Data extract
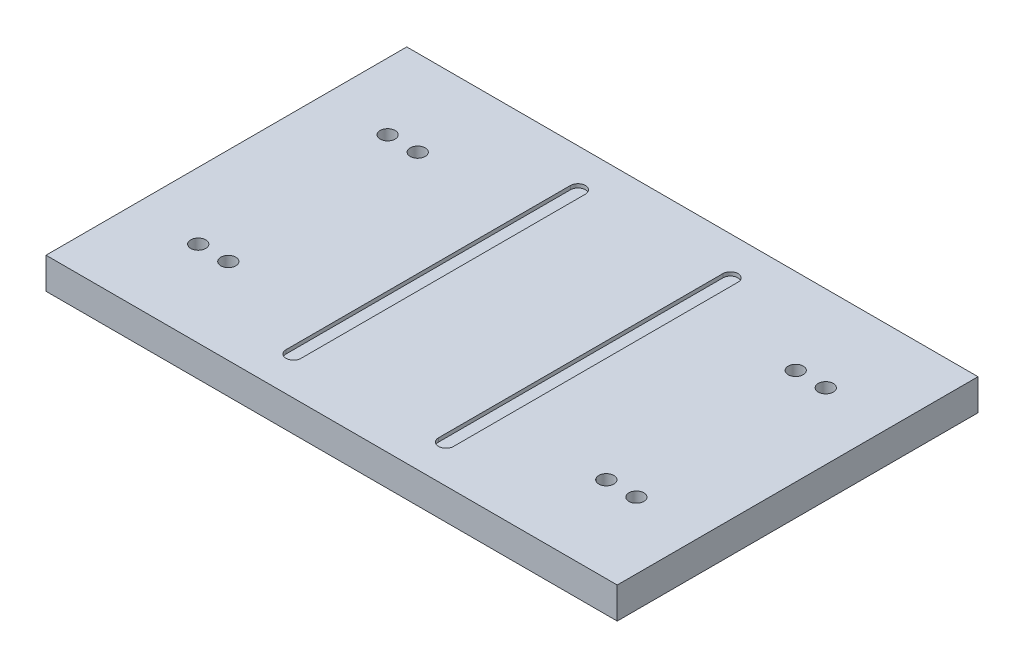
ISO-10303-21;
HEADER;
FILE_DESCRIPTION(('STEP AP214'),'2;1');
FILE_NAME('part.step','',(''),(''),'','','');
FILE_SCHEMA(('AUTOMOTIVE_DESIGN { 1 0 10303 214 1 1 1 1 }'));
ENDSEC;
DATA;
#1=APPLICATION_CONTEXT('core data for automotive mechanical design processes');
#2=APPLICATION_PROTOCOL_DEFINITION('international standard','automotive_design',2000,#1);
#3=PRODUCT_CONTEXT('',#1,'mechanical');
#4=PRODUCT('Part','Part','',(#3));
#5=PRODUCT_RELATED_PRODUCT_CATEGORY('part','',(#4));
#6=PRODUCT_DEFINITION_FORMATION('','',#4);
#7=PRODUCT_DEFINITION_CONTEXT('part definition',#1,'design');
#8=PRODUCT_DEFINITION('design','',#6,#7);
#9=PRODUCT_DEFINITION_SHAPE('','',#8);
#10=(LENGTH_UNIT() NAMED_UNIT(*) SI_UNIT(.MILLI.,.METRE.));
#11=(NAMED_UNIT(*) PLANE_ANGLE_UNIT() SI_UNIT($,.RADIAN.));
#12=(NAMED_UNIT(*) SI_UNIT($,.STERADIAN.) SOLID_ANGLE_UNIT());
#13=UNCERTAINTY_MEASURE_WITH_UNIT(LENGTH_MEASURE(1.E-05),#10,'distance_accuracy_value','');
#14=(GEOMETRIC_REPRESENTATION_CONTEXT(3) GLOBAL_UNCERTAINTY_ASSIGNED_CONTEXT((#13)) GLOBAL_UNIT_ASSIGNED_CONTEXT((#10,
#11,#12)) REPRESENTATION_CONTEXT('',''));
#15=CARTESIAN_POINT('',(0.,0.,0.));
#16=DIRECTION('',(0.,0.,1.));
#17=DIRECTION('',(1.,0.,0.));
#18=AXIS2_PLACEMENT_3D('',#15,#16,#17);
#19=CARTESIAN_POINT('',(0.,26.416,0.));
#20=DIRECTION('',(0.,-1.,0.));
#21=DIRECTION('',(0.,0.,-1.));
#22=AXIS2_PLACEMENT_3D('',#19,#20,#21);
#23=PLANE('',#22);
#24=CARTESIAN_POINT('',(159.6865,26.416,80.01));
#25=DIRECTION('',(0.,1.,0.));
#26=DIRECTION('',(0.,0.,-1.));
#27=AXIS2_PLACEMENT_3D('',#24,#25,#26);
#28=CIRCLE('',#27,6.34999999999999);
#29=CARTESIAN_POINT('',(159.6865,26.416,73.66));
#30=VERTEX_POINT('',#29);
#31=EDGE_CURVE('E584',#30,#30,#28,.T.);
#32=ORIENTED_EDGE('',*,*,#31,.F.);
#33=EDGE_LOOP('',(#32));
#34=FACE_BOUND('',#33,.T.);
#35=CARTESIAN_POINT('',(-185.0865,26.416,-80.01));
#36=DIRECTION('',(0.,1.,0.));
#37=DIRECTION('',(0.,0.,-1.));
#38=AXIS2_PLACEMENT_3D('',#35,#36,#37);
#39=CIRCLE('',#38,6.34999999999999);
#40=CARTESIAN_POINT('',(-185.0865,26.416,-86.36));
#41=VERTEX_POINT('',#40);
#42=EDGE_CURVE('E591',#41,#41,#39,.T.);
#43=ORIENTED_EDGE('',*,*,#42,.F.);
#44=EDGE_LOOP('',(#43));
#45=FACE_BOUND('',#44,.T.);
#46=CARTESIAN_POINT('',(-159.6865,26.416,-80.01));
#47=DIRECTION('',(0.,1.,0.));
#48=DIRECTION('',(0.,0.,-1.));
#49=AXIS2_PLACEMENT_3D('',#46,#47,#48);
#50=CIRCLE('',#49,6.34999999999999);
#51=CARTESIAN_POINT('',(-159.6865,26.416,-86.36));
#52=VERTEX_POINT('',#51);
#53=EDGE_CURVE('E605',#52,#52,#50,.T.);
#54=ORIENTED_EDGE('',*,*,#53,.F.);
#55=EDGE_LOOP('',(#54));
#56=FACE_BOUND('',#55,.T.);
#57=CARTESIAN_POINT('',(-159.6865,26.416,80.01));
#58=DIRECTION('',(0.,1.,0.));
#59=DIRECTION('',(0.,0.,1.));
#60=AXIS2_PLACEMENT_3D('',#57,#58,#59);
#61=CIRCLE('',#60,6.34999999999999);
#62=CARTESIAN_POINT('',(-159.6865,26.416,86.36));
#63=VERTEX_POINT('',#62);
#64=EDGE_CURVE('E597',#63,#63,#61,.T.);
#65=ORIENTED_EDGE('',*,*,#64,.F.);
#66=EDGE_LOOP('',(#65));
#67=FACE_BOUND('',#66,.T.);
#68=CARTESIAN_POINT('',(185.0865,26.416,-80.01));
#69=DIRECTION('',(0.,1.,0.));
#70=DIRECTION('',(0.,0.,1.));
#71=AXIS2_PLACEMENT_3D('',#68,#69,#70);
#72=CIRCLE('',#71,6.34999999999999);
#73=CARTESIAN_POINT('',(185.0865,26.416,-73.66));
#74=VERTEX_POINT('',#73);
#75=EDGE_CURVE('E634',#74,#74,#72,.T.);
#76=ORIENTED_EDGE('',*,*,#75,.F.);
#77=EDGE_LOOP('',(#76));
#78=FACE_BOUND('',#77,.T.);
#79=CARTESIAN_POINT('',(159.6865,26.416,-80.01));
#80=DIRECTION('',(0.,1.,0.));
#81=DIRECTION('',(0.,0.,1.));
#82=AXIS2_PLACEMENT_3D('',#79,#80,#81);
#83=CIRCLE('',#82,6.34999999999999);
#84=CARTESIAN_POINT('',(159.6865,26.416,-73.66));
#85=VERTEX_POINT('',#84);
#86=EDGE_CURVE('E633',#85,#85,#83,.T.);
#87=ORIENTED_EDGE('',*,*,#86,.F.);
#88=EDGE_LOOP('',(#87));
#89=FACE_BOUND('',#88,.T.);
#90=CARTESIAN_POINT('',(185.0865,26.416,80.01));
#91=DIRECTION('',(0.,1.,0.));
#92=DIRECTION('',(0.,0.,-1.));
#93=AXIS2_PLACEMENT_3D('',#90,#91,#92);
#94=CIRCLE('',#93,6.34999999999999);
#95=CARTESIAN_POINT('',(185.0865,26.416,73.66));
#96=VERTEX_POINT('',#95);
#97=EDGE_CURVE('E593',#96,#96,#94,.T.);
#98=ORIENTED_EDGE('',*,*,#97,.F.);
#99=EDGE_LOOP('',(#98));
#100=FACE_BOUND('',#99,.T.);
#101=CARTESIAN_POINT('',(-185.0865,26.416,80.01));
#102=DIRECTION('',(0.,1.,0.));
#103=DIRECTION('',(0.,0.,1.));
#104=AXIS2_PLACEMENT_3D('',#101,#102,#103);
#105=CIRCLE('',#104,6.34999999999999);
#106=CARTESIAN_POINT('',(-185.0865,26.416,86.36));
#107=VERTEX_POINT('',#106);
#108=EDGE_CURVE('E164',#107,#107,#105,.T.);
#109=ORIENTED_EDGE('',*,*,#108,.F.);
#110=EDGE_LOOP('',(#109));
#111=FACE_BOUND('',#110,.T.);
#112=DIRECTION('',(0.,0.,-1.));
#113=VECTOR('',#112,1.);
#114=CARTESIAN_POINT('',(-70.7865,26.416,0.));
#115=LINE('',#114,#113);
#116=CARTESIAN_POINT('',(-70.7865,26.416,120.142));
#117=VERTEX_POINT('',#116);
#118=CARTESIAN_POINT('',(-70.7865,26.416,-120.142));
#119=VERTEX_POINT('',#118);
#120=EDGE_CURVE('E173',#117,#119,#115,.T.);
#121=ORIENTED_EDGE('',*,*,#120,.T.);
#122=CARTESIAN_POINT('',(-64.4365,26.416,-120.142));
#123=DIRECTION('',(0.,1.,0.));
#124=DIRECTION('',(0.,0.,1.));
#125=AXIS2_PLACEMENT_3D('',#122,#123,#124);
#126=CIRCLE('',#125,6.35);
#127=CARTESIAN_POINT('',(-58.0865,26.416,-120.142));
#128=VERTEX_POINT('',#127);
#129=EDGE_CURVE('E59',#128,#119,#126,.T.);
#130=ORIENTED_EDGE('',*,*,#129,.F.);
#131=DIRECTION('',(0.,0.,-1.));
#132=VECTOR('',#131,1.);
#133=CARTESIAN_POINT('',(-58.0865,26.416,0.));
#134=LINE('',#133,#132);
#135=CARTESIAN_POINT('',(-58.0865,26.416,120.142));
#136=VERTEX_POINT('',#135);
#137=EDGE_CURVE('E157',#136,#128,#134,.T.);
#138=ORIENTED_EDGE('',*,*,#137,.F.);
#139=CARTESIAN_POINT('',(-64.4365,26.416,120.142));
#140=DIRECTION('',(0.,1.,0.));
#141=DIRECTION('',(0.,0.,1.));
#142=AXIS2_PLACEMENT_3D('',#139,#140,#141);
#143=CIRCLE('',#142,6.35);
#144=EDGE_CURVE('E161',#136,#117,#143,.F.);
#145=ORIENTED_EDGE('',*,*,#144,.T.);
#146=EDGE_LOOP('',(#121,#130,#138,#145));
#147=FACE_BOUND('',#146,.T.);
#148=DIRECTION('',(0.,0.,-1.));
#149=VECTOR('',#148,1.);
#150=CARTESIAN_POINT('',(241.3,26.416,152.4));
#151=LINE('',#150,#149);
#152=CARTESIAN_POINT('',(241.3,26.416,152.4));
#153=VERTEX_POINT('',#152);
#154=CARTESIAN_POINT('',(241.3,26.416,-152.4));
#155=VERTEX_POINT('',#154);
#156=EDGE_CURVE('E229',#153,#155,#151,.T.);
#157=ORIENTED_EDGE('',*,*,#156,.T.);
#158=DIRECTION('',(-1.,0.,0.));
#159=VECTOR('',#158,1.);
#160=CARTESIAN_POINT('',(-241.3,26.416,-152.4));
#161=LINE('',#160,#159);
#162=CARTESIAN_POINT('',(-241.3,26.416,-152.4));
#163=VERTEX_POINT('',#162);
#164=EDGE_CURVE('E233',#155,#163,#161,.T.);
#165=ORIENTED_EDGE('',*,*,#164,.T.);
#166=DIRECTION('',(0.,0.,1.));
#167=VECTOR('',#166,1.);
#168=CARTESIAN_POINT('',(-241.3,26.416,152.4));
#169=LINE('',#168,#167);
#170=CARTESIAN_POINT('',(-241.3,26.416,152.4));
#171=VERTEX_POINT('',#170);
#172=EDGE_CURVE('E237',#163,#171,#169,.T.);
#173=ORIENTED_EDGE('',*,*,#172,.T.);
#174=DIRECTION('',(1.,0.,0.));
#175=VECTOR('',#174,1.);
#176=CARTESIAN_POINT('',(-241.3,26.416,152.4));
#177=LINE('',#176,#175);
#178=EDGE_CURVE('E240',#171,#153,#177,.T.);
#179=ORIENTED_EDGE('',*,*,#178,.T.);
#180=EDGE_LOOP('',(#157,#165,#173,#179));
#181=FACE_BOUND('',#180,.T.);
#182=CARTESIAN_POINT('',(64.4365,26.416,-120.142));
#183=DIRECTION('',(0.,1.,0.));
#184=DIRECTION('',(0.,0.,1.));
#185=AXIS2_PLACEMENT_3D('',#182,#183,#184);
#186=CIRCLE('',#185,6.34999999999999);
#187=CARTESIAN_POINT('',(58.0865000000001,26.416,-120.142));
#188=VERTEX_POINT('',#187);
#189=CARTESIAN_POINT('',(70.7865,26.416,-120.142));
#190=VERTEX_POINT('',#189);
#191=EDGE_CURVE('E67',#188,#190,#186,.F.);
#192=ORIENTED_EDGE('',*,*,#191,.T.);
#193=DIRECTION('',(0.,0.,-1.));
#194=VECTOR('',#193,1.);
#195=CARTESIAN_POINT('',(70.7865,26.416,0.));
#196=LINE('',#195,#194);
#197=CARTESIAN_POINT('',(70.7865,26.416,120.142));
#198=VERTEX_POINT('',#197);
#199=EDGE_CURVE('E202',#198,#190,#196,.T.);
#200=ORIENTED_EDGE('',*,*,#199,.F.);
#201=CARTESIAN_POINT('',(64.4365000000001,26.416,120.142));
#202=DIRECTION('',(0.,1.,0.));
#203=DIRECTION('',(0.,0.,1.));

What to do
Repeat only the lines between the top of the entries above and the line containing "#11=(NAMED_UNIT(*) PLANE_ANGLE_UNIT() SI_UNIT($,.RADIAN.));", both ends included, without the pictures.

The completed task
ISO-10303-21;
HEADER;
FILE_DESCRIPTION(('STEP AP214'),'2;1');
FILE_NAME('part.step','',(''),(''),'','','');
FILE_SCHEMA(('AUTOMOTIVE_DESIGN { 1 0 10303 214 1 1 1 1 }'));
ENDSEC;
DATA;
#1=APPLICATION_CONTEXT('core data for automotive mechanical design processes');
#2=APPLICATION_PROTOCOL_DEFINITION('international standard','automotive_design',2000,#1);
#3=PRODUCT_CONTEXT('',#1,'mechanical');
#4=PRODUCT('Part','Part','',(#3));
#5=PRODUCT_RELATED_PRODUCT_CATEGORY('part','',(#4));
#6=PRODUCT_DEFINITION_FORMATION('','',#4);
#7=PRODUCT_DEFINITION_CONTEXT('part definition',#1,'design');
#8=PRODUCT_DEFINITION('design','',#6,#7);
#9=PRODUCT_DEFINITION_SHAPE('','',#8);
#10=(LENGTH_UNIT() NAMED_UNIT(*) SI_UNIT(.MILLI.,.METRE.));
#11=(NAMED_UNIT(*) PLANE_ANGLE_UNIT() SI_UNIT($,.RADIAN.));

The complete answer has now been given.